Investors are looking for the government to report that the economy created 180,000 jobs, up from 162,000 in July.
But data showing falling numbers of Americans filling for jobless benefits has persuaded some traders that the number could come in much higher.
“I’m hearing a lot of whisper numbers of 320,000 or 330,000,” said Pyle.
“Maybe this is the month we get the real pop.”
But he cautioned that such a strong read would roil markets because in addition to cementing the decision to start tapering, the data would raise concerns that the Fed will wind up its stimulus program sooner than thought.
Canadian employment data for August also comes out on Friday and economists expect that the economy created 20,000 jobs and that the jobless rate will stay steady at 7.2 per cent.
Such a positive showing would follow dismal jobs data for July when 39,000 jobs were lost.
Currency traders will also look to see the effect of the Bank of Canada’s interest rate announcement on the beaten-down Canadian dollar.

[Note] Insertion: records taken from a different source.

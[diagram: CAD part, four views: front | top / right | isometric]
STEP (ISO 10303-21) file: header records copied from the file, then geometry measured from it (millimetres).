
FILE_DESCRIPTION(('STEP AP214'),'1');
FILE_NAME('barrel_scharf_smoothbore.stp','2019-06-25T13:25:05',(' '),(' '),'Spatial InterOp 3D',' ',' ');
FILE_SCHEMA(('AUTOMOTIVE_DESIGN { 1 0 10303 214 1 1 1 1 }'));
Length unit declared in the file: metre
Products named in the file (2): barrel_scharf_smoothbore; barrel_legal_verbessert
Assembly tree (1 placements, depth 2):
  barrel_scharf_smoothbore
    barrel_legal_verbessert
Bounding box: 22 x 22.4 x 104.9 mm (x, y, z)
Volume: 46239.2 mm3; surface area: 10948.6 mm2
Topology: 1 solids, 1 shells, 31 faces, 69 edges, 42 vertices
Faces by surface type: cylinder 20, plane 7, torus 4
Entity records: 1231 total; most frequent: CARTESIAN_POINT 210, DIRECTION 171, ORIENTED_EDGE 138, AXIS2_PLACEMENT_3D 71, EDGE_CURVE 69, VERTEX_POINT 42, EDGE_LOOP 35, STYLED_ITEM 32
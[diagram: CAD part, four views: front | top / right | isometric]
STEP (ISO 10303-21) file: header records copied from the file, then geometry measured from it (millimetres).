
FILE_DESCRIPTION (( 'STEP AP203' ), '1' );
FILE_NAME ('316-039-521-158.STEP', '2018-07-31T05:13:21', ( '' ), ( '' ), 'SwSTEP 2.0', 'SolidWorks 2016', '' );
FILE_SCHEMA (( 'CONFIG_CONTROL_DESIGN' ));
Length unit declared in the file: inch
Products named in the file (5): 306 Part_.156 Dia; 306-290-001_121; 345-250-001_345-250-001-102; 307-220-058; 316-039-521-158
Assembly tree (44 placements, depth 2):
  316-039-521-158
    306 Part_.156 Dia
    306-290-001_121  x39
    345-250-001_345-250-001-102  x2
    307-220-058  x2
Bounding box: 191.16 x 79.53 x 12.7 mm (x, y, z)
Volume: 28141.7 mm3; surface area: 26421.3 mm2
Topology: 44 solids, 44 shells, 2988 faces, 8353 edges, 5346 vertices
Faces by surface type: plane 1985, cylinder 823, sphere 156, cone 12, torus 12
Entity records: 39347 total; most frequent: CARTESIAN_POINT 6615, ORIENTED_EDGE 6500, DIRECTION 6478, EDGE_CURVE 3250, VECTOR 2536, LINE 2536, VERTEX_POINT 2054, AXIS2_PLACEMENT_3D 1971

The Bank of Canada is widely expected to leave its key rate unchanged at one per cent, where it has been since Sept., 2010. As usual, traders will look to any change in language in the accompanying statement that would change the consensus that the central bank won’t move on rates until late 2014.
The loonie has tumbled about 2 1/2 cents during August on speculation about the Fed tapering its asset purchases. The greenback has also gained against many other currencies on worries about fighting in the Mideast spreading.